- [TASK PROMPT]:
Taking the line with "2. Apply a suitable low-voltage signal." as the first and the line with "### Internal arc-over protection" as the last, set down exactly every line in that range from the entries below, and no more.

- [EXCERPTED RECORDS]:
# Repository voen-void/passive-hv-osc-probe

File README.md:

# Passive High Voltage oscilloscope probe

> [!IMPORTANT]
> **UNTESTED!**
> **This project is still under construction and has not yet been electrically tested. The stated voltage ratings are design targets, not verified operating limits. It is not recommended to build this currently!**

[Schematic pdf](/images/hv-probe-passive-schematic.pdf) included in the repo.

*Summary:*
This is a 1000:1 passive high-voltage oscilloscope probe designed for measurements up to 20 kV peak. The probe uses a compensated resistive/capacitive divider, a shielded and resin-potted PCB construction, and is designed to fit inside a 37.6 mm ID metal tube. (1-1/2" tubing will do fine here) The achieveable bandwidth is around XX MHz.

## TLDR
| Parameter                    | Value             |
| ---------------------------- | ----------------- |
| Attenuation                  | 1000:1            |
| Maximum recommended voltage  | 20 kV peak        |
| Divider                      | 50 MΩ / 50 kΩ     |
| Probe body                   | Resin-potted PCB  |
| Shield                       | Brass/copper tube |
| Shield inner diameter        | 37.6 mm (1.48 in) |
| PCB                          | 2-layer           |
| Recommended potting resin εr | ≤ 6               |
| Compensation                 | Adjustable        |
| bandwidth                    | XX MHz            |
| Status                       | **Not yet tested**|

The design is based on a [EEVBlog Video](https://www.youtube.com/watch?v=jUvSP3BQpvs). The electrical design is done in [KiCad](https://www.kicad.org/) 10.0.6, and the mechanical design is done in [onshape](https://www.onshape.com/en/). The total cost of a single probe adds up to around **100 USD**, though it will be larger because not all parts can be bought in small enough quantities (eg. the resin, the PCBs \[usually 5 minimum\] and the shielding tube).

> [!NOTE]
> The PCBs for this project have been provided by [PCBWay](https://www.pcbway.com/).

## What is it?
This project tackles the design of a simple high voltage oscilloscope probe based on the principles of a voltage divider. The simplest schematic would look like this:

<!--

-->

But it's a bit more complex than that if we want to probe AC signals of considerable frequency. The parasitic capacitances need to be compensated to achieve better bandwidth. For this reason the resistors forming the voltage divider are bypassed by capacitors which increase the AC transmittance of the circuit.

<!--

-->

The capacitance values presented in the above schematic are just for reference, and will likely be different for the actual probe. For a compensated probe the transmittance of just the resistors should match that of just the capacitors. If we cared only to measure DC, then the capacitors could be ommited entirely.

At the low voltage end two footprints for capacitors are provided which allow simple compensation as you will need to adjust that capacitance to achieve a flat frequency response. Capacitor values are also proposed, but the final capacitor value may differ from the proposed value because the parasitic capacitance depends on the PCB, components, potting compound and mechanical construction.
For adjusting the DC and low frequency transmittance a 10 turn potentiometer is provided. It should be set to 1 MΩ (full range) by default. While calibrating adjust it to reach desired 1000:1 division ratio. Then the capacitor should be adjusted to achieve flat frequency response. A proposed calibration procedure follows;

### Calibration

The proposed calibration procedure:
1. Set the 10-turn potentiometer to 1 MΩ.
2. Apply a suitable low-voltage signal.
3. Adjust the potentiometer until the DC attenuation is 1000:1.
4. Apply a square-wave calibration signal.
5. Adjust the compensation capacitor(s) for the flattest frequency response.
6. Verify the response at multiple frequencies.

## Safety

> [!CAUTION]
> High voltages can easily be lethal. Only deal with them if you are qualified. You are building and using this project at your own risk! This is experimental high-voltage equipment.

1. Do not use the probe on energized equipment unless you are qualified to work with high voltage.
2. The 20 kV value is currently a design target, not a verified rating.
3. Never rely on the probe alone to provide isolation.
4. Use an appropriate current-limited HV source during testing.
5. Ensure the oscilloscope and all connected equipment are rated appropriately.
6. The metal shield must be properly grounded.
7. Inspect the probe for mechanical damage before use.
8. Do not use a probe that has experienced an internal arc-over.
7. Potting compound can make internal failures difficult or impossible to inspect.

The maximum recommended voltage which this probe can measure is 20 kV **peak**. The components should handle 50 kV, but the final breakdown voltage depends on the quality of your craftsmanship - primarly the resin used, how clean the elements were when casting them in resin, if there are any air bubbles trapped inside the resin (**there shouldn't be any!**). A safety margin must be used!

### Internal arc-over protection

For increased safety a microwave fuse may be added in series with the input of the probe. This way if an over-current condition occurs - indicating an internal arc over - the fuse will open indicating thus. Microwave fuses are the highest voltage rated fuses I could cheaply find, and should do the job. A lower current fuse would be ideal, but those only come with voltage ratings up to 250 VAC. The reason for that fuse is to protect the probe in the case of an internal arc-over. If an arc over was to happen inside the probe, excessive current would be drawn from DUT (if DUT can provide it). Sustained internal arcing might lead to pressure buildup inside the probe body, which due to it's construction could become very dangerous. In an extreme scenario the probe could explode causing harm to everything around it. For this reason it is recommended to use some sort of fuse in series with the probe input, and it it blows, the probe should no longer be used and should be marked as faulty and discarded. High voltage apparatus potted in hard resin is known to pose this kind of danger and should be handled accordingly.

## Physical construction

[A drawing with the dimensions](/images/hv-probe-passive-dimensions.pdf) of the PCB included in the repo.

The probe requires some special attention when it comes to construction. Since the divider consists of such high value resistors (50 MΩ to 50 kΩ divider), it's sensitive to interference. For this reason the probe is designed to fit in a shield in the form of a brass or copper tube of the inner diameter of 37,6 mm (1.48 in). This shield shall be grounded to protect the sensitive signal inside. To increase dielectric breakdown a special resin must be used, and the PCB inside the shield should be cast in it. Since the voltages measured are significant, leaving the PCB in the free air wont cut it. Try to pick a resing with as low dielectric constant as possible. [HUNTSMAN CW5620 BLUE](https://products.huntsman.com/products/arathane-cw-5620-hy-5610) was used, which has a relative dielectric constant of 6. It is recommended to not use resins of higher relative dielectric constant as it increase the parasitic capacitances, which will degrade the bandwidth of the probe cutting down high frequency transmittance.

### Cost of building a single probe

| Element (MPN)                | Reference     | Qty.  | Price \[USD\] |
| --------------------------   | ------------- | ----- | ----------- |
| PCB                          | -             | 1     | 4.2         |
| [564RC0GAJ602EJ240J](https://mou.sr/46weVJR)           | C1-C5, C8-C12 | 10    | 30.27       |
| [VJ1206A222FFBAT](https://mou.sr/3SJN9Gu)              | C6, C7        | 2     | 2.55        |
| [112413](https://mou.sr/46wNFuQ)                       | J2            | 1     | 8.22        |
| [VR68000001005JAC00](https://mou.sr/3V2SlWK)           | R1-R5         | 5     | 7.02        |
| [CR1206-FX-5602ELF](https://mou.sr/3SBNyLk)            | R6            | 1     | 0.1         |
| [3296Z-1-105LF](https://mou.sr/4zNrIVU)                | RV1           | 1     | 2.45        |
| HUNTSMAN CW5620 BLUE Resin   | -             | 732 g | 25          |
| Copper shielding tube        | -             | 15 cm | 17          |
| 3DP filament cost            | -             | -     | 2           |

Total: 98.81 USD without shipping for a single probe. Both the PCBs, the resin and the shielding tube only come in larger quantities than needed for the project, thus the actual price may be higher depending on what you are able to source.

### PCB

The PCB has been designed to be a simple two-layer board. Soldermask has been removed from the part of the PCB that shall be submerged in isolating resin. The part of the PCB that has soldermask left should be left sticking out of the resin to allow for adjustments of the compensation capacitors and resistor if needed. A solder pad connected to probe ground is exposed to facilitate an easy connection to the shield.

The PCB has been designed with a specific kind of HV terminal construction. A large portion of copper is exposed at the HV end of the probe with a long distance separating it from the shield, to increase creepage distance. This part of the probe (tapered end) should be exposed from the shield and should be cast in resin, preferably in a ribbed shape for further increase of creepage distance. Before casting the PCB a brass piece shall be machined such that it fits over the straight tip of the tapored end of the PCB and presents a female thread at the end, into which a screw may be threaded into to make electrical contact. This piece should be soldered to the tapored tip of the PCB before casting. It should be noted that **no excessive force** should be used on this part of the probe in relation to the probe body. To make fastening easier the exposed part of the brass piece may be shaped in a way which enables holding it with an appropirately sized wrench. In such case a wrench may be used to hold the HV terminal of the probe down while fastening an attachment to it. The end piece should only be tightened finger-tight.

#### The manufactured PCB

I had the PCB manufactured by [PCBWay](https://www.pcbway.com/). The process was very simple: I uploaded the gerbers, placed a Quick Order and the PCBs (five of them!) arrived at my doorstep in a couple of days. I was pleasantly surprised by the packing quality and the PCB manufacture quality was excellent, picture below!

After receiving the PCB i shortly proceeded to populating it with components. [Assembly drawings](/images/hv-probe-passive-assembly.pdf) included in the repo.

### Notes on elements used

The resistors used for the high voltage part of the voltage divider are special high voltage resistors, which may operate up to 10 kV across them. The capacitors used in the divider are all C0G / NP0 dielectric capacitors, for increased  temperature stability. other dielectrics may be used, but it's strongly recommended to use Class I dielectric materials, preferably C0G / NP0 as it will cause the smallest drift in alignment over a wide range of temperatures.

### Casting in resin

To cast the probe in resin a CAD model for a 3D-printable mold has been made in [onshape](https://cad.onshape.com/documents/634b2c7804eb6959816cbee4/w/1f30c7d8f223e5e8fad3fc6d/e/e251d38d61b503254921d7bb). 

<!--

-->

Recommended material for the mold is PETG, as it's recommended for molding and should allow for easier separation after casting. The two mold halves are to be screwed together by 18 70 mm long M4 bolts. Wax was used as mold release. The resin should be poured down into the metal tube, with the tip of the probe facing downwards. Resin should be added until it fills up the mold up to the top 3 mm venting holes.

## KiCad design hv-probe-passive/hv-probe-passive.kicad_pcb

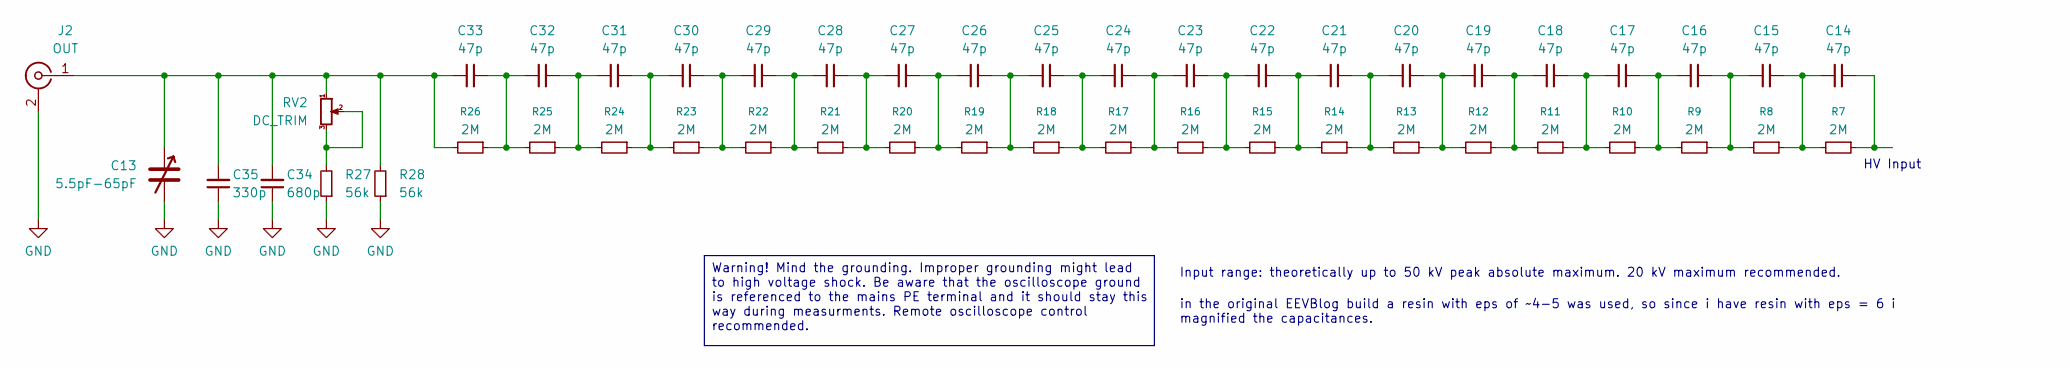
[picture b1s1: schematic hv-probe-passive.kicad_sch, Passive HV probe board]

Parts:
C13: 5.5pF-65pF; BFC2808 P5.0x7.5mm; LCSC C3273327
C14, C15, C16, C17, C18, C19, C20, C21, C22, C23, C24, C25, C26, C27, C28, C29, C30, C31, C32, C33: 47p; C_1808_4520Metric; LCSC C2958815
C34: 680p; C_1206_3216Metric; MPN AC1206JRNPOBBN681; LCSC C3871624
C35: 330p; C_1206_3216Metric; MPN 1206CG331J101NT
J2: OUT; BNC_Amphenol_B6252HB-NPP3G-50_Horizontal; MPN 112413
R7, R8, R9, R10, R11, R12, R13, R14, R15, R16, R17, R18, R19, R20, R21, R22, R23, R24, R25, R26: 2M; R_2512_6332Metric; LCSC C2779442
R27, R28: 56k; R_0805_2012Metric; LCSC C17756
RV2: DC_TRIM; Potentiometer_Bourns_3296X_Horizontal; LCSC C49190482

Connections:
GND: C13.2, C34.1, C35.1, J2.2 (Ext), R27.1, R28.1
unnamed: C14.1, R7.1
unnamed: C14.2, C15.1, R7.2, R8.1
unnamed: C15.2, C16.1, R8.2, R9.1
unnamed: C16.2, C17.1, R9.2, R10.1
unnamed: C17.2, C18.1, R10.2, R11.1
unnamed: C18.2, C19.1, R11.2, R12.1
unnamed: C19.2, C20.1, R12.2, R13.1
unnamed: C20.2, C21.1, R13.2, R14.1
unnamed: C21.2, C22.1, R14.2, R15.1
unnamed: C22.2, C23.1, R15.2, R16.1
unnamed: C23.2, C24.1, R16.2, R17.1
unnamed: C24.2, C25.1, R17.2, R18.1
unnamed: C25.2, C26.1, R18.2, R19.1
unnamed: C26.2, C27.1, R19.2, R20.1
unnamed: C27.2, C28.1, R20.2, R21.1
unnamed: C28.2, C29.1, R21.2, R22.1
unnamed: C29.2, C30.1, R22.2, R23.1
unnamed: C30.2, C31.1, R23.2, R24.1
unnamed: C31.2, C32.1, R24.2, R25.1
unnamed: C32.2, C33.1, R25.2, R26.1
unnamed: C13.1, C33.2, C34.2, C35.2, J2.1 (In), R26.2, R28.2, RV2.1
unnamed: R27.2, RV2.2, RV2.3

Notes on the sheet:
HV Input
in the original EEVBlog build a resin with eps of ~4-5 was used, so since i have resin with eps = 6 i magnified the capacitances.
Warning! Mind the grounding. Improper grounding might lead to high voltage shock. Be aware that the oscilloscope ground is referenced to the mains PE terminal and it should stay this way during measurments. Remote oscilloscope control recommended.
Input range: theoretically up to 50 kV peak absolute maximum. 20 kV maximum recommended.

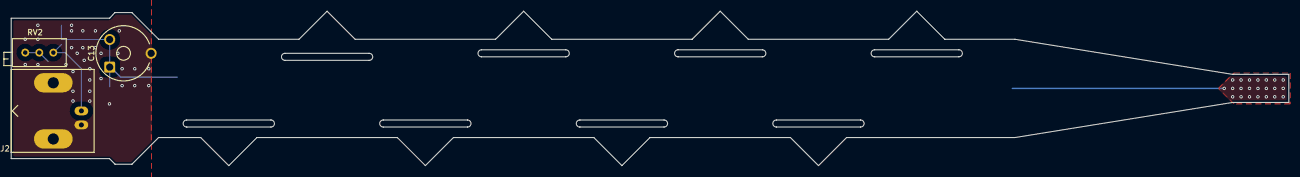
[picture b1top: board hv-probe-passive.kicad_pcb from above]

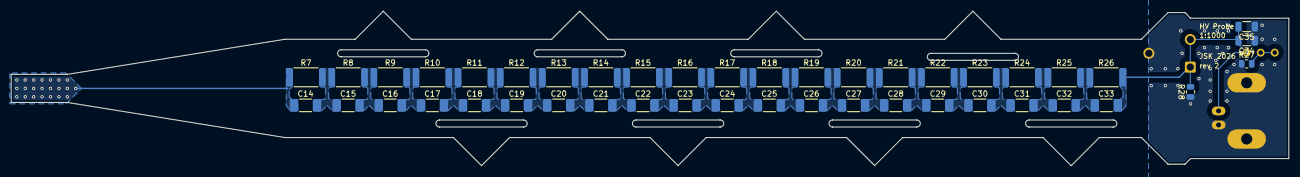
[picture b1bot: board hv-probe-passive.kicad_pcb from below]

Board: 2 copper layers, 231.1 x 27.9 mm, 47 parts (44 on the bottom side), 23 nets.

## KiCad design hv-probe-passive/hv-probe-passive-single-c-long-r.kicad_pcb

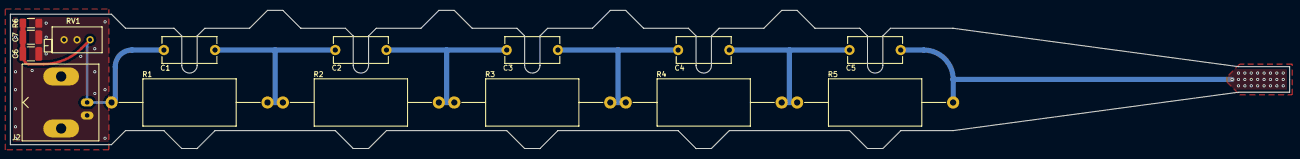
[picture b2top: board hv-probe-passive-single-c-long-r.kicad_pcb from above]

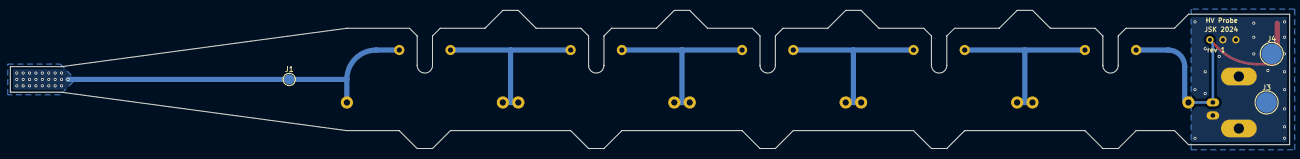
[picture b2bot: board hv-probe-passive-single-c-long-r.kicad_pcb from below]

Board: 2 copper layers, 250.0 x 27.0 mm, 18 parts (3 on the bottom side), 7 nets.

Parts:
C1, C2, C3, C4, C5: 22p; C_Disc_D10.5mm_W5.0mm_P10.00mm
C6, C7: 2n2; C_1210_3225Metric_Pad1.33x2.70mm_HandSolder
J1: IN; TestPoint_Pad_D2.0mm
J2: OUT; BNC_Amphenol_B6252HB-NPP3G-50_Horizontal
J3, J4: GND; TestPoint_Pad_D4.0mm
R1, R2, R3, R4, R5: 10M; R_Axial_DIN0918_L18.0mm_D9.0mm_P30.48mm_Horizontal
R6: 56k; C_1206_3216Metric_Pad1.33x1.80mm_HandSolder
RV1: TRIM; Potentiometer_Bourns_3296X_Horizontal

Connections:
GND: C6.1, C7.1, J2.2 (Ext), J3.1, J4.1, R6.1, RV1.2, RV1.3
unnamed: C1.2, C2.1, R1.2, R2.1
unnamed: C2.2, C3.1, R2.2, R3.1
unnamed: C3.2, C4.1, R3.2, R4.1
unnamed: C4.2, C5.1, R4.2, R5.1
unnamed: C5.2, J1.1, R5.2
unnamed: C1.1, C6.2, C7.2, J2.1 (In), R1.1, R6.2, RV1.1

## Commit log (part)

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2024-11-20 Update README.md
    first update
2024-11-20 added kicad project files
2024-11-21 rearrange README.md
    minor rearrangement
2024-11-21 added 2 images to the documentation
2024-11-21 made information on the schematic consistent with that in the readme
2024-11-21 expanded the readme
2024-11-21 updated renderings of the pcb and the schematic
2024-12-08 added a script for rough estimation of internal capacitance, corrected schematic
2024-12-09 restoring the readme, small updates to its content
2024-12-09 expanded the warnings in the readme, added a note on pcbway sponsorship
2025-01-05 added rendered images of the pcb to the repo
2025-01-05 improvements to the capacitance estimation script, the outputs have been made more readable and comments have been added to explain the reasoning behind it.
2025-01-05 additional info about possible capacitor replacements for the hv divider

- [TASK OUTPUT]:
2. Apply a suitable low-voltage signal.
3. Adjust the potentiometer until the DC attenuation is 1000:1.
4. Apply a square-wave calibration signal.
5. Adjust the compensation capacitor(s) for the flattest frequency response.
6. Verify the response at multiple frequencies.

## Safety

> [!CAUTION]
> High voltages can easily be lethal. Only deal with them if you are qualified. You are building and using this project at your own risk! This is experimental high-voltage equipment.

1. Do not use the probe on energized equipment unless you are qualified to work with high voltage.
2. The 20 kV value is currently a design target, not a verified rating.
3. Never rely on the probe alone to provide isolation.
4. Use an appropriate current-limited HV source during testing.
5. Ensure the oscilloscope and all connected equipment are rated appropriately.
6. The metal shield must be properly grounded.
7. Inspect the probe for mechanical damage before use.
8. Do not use a probe that has experienced an internal arc-over.
7. Potting compound can make internal failures difficult or impossible to inspect.

The maximum recommended voltage which this probe can measure is 20 kV **peak**. The components should handle 50 kV, but the final breakdown voltage depends on the quality of your craftsmanship - primarly the resin used, how clean the elements were when casting them in resin, if there are any air bubbles trapped inside the resin (**there shouldn't be any!**). A safety margin must be used!

### Internal arc-over protection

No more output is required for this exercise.